Category Archives: Question on the Reading

In Bidart’s bio, it says he succeeded in making Herbert White human. As disturbing as the poem was, I can’t help but wonder if Bidart was not just trying to allow us access into the head of a psychopath. Perhaps he was trying to highlight the lowest depravation and decay of society to remind us all that this still exists and can be found anywhere, even in the life of a seemingly average married mad with kids.

Frank Bidart

There is no argument that Bidart’s “Herbert White” is, although rather unspeakably disturbing, a masterpiece with regard to storytelling and humanizing what would be the personification of evil.  In this manner, it is definitely possible to say that the poem was a success, especially as Bidart’s attempt to describe the antithesis of himself. This was likely a successful adventure on a personal level, causing Bidart to fully understand himself before he could understand his opposite, but I wonder if it is an equal success in the grander scheme of things. That is, is there purpose in exposing people to something so dark and gruesome? Does the humanizing of Herbert White improve the reader’s capacity for understanding (or improve them in some other respect), or is that effect reserved for Bidart himself?

Question on the Reading: Poetry

The different pieces between the two authors not only show how important word choice is in poetry, but also show how important visual aesthetics are. However, if read aloud, it becomes difficult to truly show the message within the visual aesthetics. WIth that said, which form of poetry should have more influence on the the reader: the written or spoken version?

Ellen West by Frank Bidart

Why did Bidart choose to write this poem from the perspective of a woman?  Anorexia nervosa and bulimia are more common among females; however, many men also suffer from eating disorders.  Did he choose to write the poem from a female point of view out of ignorance of eating disorders among males, or was there another reason for this decision?

Herbert White Question

This is such a disturbing and deep poem.  Where did Bidart get his inspiration for such a topic?  I feel like poets often comment on issues in society through their poems, so I’m wondering if “Herbert White” is a metaphor for something, or if the literal meaning is as Bidart intended it to be.

Herbert White by Frank Bidart

As a reader, do you think it’s hard to appreciate Frank Bidart’s ability to tell stories due to its content?

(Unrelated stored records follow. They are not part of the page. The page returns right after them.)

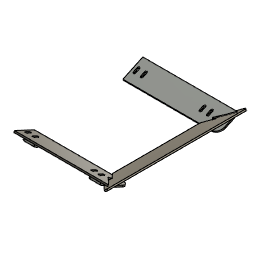
Led backlight edges (Autodesk Fusion 360 design; units mm, degrees)
Autodesk Fusion 360 part; units mm, degrees
note: some values were not read from the file. Set by a fixed rule: which sketch regions a step uses.
sketch "Sketch1" plane through (0, 0, 0) normal (0, 0, 1) x (1, 0, 0) in component "Holder"
  line L0 (118, -228) -> (118, -86)
  line L1 (118.5, -228.5) -> (118.5, -85.5)
  line L2 (10, -228) -> (10, -228.5)
  line L3 (10, -228) -> (10, -220)
  line L4 (10, -228.5) -> (118.5, -228.5)
  line L5 (5, -79) -> (5, -85.5)
  line L6 (15, -235) -> (15, -228.5)
  line L7 (105, -235) -> (115, -235)
  circle A0 centre (10, -232) radius 1.25
  line L8 (115, -235) -> (115, -228.5)
  line L9 (10, -220) -> (110, -220)
  line L10 (5, -85.5) -> (10, -85.5)
  line L11 (105, -79) -> (105, -85.5)
  line L12 (105, -235) -> (105, -228.5)
  line L13 (118.5, -85.5) -> (10, -85.5)
  line L14 (105, -79) -> (115, -79)
  line L15 (5, -228.5) -> (10, -228.5)
  line L16 (5, -235) -> (15, -235)
  line L17 (110, -94) -> (10, -94)
  line L18 (5, -235) -> (5, -228.5)
  circle A1 centre (10, -82) radius 1.25
  line L19 (10, -86) -> (10, -85.5)
  circle A2 centre (110, -82) radius 1.25
  line L20 (115, -79) -> (115, -85.5)
  line L21 (10, -94) -> (10, -86)
  line L22 (5, -79) -> (15, -79)
  line L23 (15, -79) -> (15, -85.5)
  line L24 (118, -86) -> (10, -86)
  line L25 (10, -228) -> (118, -228)
  circle A3 centre (110, -232) radius 1.25
  line L26 (110, -220) -> (110, -94)
  circle A4 centre (139, -235) radius 1.5
  line L27 (144, -231) -> (124, -231)
  line L28 (124, -239) -> (144, -239)
  line L29 (124, -239) -> (124, -231)
  line L30 (144, -239) -> (144, -231)
  line L31 (134, -239) -> (134, -231)
  line L32 (134, -239) -> (134.193, -239)
  point P0 (0, -220)
  dimension "d172" = 2.5
  dimension "d173" = 2.5
  dimension "d174" = 2.5
  dimension "d175" = 2.5
  dimension "d176" = 108
  dimension "d177" = 142
  dimension "d178" = 108.5
  dimension "d179" = 143
  dimension "d180" = 3
  constraint horizontal L14
  constraint horizontal L22
  constraint horizontal L16
  constraint horizontal L7
  constraint horizontal L25
  constraint vertical L0
  constraint horizontal L24
  constraint perpendicular L2 L25
  constraint horizontal L4
  constraint vertical L1
  constraint horizontal L13
  constraint coincident L8.end L4
  constraint perpendicular L4 L8
  constraint coincident L12.end L4
  constraint perpendicular L4 L12
  constraint coincident L6.end L4
  constraint perpendicular L4 L6
  constraint perpendicular L16 L18
  constraint coincident L11.end L13
  constraint perpendicular L11 L13
  constraint coincident L20.end L13
  constraint perpendicular L13 L20
  constraint perpendicular L13 L19
  constraint coincident L23.end L13
  constraint perpendicular L13 L23
  constraint perpendicular L5 L22
  constraint perpendicular L10 L19
  constraint perpendicular L3 L9
  constraint perpendicular L17 L21
  constraint horizontal L27
  constraint horizontal L28
  constraint perpendicular L27 L29
  constraint perpendicular L27 L30
  constraint midpoint L28 L31.start
  constraint midpoint L27 L31.end
  constraint coincident L28 L32.end
  constraint perpendicular L31 L32
  measures "d172" diameter of A3
  measures "d173" diameter of A0
  measures "d174" diameter of A1
  measures "d175" diameter of A2
  measures "d176" distance of L2.start L0.start
  measures "d177" distance of L2.start L19.start
  measures "d178" distance of L2.end L1.start
  measures "d179" distance of L2.end L10.end
  measures "d180" diameter of A4
extrude "Extrude1" add sketch "Sketch1" along normal blind 3 contours L27 L28 L30 L31 L32 makes body 1 in component "Holder"
sketch "Sketch4" plane through (144, 0, 0) normal (1, 0, 0) x (0, 1, 0) in component "Holder"
  line L0 (-231, 3) -> (-231, 5)
  line L1 (-231, 5) -> (-228.1, 5) construction
  line L2 (-231, 5) -> (-220.2775, 0)
  line L3 (-239, 0) -> (-231, 0)
  line L4 (-231, 0) -> (-231, 3)
  line L5 (-231, 3) -> (-239, 3)
  line L6 (-239, 3) -> (-239, 0)
  line L7 (-231, 5) -> (-240.0631, 9.2262)
  line L8 (-231, 5) -> (-221, 5) construction
  line L9 (-240.0631, 9.2262) -> (-236.6821, 16.4766)
  line L10 (-231, 5) -> (-227.619, 12.2505)
  line L11 (-227.619, 12.2505) -> (-236.6821, 16.4766)
  dimension "d187" = 155
  dimension "d188" = 10
  dimension "d189" = 8
  dimension "d190" = 8
  constraint horizontal L1
  constraint horizontal L8
  constraint parallel L2 L7
  constraint perpendicular L7 L9
  constraint perpendicular L7 L10
  measures "d187" angle of L7 L8
  measures "d188" distance of L0.end L7.end
  measures "d189" distance of L7.end L9.end
  measures "d190" distance of L0.end L10.end
extrude "Extrude2" add sketch "Sketch1" along normal blind 9 contours L27 L28 L29 L31 bodies 1 in component "Holder"
extrude "Extrude3" cut sketch "Sketch4" against normal blind 23 contours L7 L9 L10 L11 bodies 1 in component "Holder"
sketch "Sketch2" plane through (0, -39.3429, -84.3712) normal (0, 0.422618, 0.906308) x (-1, 0, 0) in component "Holder"
  line L0 (-124, 211.4702) -> (-124, 220.2972)
  line L1 (-124, 220.2972) -> (-134, 220.2972)
  line L2 (-134, 220.2972) -> (-134, 211.4702)
  line L3 (-134, 211.4702) -> (-124, 211.4702)
  circle A0 centre (-129, 214.8837) radius 1.35
  dimension "d198" = 2.7
  measures "d198" diameter of A0
extrude "Extrude5" cut sketch "Sketch2" against normal blind 8 contours A0 bodies 1 in component "Holder"
fillet "Fillet1" radius 3 4 edges at (144, -239, 1.5) (144, -231, 1.5) (124, -239, 4.3652) (124, -231, 2.5) on bodies 1 in component "Holder"
fillet "Fillet2" radius 3 2 edges at (134, -239, 5.8652) (134, -231, 4) on bodies 1 in component "Holder"
mirror "MirrorComponent5" about plane through (0, 0, 0) normal (0, 0, 1) of bodies 1 makes body 2 in component "Holder(Mirror)"
sketch "Sketch1 (2)" plane through (0, 0, 0) normal (0, 0, 1) x (1, 0, 0) in component "SidePanel"
  line L0 (34, -235) -> (34, -213)
  arc A0 (140.5, -225) -> (137.5, -225) centre (139, -225) ccw
  line L1 (137.5, -225) -> (137.5, -231)
  line L2 (140.5, -225) -> (140.5, -231)
  arc A1 (137.5, -231) -> (140.5, -231) centre (139, -231) ccw
  line L3 (130.5, -225) -> (130.5, -231)
  arc A2 (130.5, -225) -> (127.5, -225) centre (129, -225) ccw
  line L4 (127.5, -225) -> (127.5, -231)
  arc A3 (127.5, -231) -> (130.5, -231) centre (129, -231) ccw
  arc A4 (40.5, -225) -> (37.5, -225) centre (39, -225) ccw
  line L5 (37.5, -225) -> (37.5, -231)
  line L6 (40.5, -225) -> (40.5, -231)
  arc A5 (37.5, -231) -> (40.5, -231) centre (39, -231) ccw
  line L7 (50.5, -225) -> (50.5, -231)
  line L8 (47.5, -225) -> (47.5, -231)
  arc A6 (50.5, -225) -> (47.5, -225) centre (49, -225) ccw
  arc A7 (47.5, -231) -> (50.5, -231) centre (49, -231) ccw
  line L9 (145.1924, -225.0208) -> (155.1716, -235)
  line L10 (148.7279, -221.4853) -> (145.1924, -225.0208)
  arc A8 (164, -223) -> (154, -213) centre (154, -223) ccw
  line L11 (154, -213) -> (34, -213)
  line L12 (164, -223) -> (164, -233)
  line L13 (161.2727, -234.03) -> (148.7279, -221.4853)
  line L14 (34, -235) -> (34, -243)
  line L15 (161.2727, -234.03) -> (164, -237.1258)
  line L16 (155.1716, -235) -> (162.2195, -243)
  line L17 (164, -233) -> (164, -237.1258)
  line L18 (162.2195, -243) -> (34, -243)
  dimension "d205" = 22
  dimension "d256" = 5
  constraint tangent A0 L1
  constraint vertical L1
  constraint tangent A0 L2
  constraint vertical L2
  constraint tangent L2 A1
  constraint tangent L1 A1
  constraint tangent A2 L4
  constraint vertical L4
  constraint tangent L3 A2
  constraint vertical L3
  constraint tangent L3 A3
  constraint tangent L4 A3
  constraint tangent A4 L5
  constraint vertical L5
  constraint tangent A4 L6
  constraint vertical L6
  constraint tangent L6 A5
  constraint tangent L5 A5
  constraint tangent L8 A6
  constraint vertical L8
  constraint tangent L7 A6
  constraint vertical L7
  constraint tangent L7 A7
  constraint tangent L8 A7
  constraint tangent A8 L12
  constraint vertical L12
  constraint perpendicular L10 L13
  constraint parallel L15 L16
  constraint parallel L12 L17
  constraint perpendicular L14 L18
  measures "d205" distance of L0.start L0.end
  measures "d256" distance of L9.start L10.start
extrude "Extrude1'" add sketch "Sketch1 (2)" along normal blind 2 separate body makes body 3 in component "SidePanel"
sketch "Sketch1 (3)" plane through (0, 0, 0) normal (0, 0, 1) x (1, 0, 0) in component "BackPanel"
  line L0 (170, -220) -> (170, -100)
  line L1 (200, -220) -> (200, -221)
  line L2 (200, -221) -> (200, -247.2727)
  line L3 (180.9009, -229.9099) -> (180.9009, -240.9099)
  line L4 (180.9009, -240.9099) -> (197.1796, -255.7087)
  line L5 (200, -247.2727) -> (200, -254.2727)
  arc A0 (197.1796, -255.7087) -> (200, -254.2727) centre (198.2242, -254.2727) ccw
  line L6 (170, -220) -> (180.9009, -229.9099)
  line L7 (180.9009, -90) -> (180.9009, -79)
  line L8 (180.9009, -79) -> (197.1796, -64.2012)
  line L9 (200, -98.9099) -> (200, -72.6372)
  line L10 (200, -72.6372) -> (200, -65.6372)
  arc A1 (197.1796, -64.2012) -> (200, -65.6372) centre (198.2242, -65.6372) cw
  line L11 (200, -98.9099) -> (200, -220)
  line L12 (180.9009, -90) -> (170, -100)
  dimension "d215" = 120
  dimension "d258" = 11
  dimension "d260" = 22
  dimension "d261" = 7
  dimension "d262" = 11
  dimension "d264" = 7
  constraint vertical L0
  constraint parallel L2 L5
  constraint tangent L5 A0
  constraint parallel L9 L10
  constraint tangent L10 A1
  constraint parallel L1 L11
  measures "d215" distance of L0.start L0.end
  measures "d258" distance of L3.start L3.end
  measures "d260" distance of L3.end L4.end
  measures "d261" distance of L2.end L5.end
  measures "d262" distance of L7.end L7.start
  measures "d264" distance of L9.end L10.end
extrude "Extrude1''" add sketch "Sketch1 (3)" along normal blind 2 separate body makes body 4 in component "BackPanel"
component "Holder" placed x (1, 0, 0) y (0, 1, 0) z (0, 0, 1) at (0, 0, 0)
component "SidePanel" placed x (1, 0, 0) y (0, 0.906308, -0.422618) z (0, 0.422618, 0.906308) at (0, -29.7449, -88.6171)
component "Holder(Mirror)" placed x (-1, 0, 0) y (0, 1, 0) z (0, 0, -1) at (178, 0, 0)
component "Holder" placed x (-1, 0, 0) y (0, -1, 0) z (0, 0, 1) at (178.0112, -320.5376, 0)
component "Holder(Mirror)" placed x (1, 0, 0) y (0, -1, 0) z (0, 0, -1) at (0.0112, -320.5376, 0)
component "SidePanel" placed x (1, 0, 0) y (0, -0.906308, -0.422618) z (0, 0.422618, -0.906308) at (0, -294.2917, -87.4665)
component "BackPanel" placed x (0.906308, 0, 0.422618) y (0, 1, 0) z (-0.422618, 0, 0.906308) at (-13.9211, -1, -70.0166)
equation "d187 = 180 deg - 25 deg"

Bidart claims he started writing poetry “trying to be ‘universal’ by making the entire poem out of assertions and generalization about the world—with a very thin sense of a complicated, surprising, opaque world outside myself that resisted the patterns [he] was asserting.” Do you think Bidart was successful i making his poems less general and narrow-minded after writing pieces such as this and Ellen West?

Ellen West by Frank Bidart – Question on the Reading

  • Why did Frank Bidart choose to address this specific topic of anorexia in his poem? Did he feel like it was a topic that was commonly overlooked at the time and thus needed some attention brought to it?
  • I know that Edmund White regarded the poem as “a work that displays Bidart’s talents at their most exacting, their most insistent” but was Bidart’s reason for writing the poem more personal than to display his talents? Did someone in his family possible suffer from anorexia and is that why he chose to write such a dramatic monologue.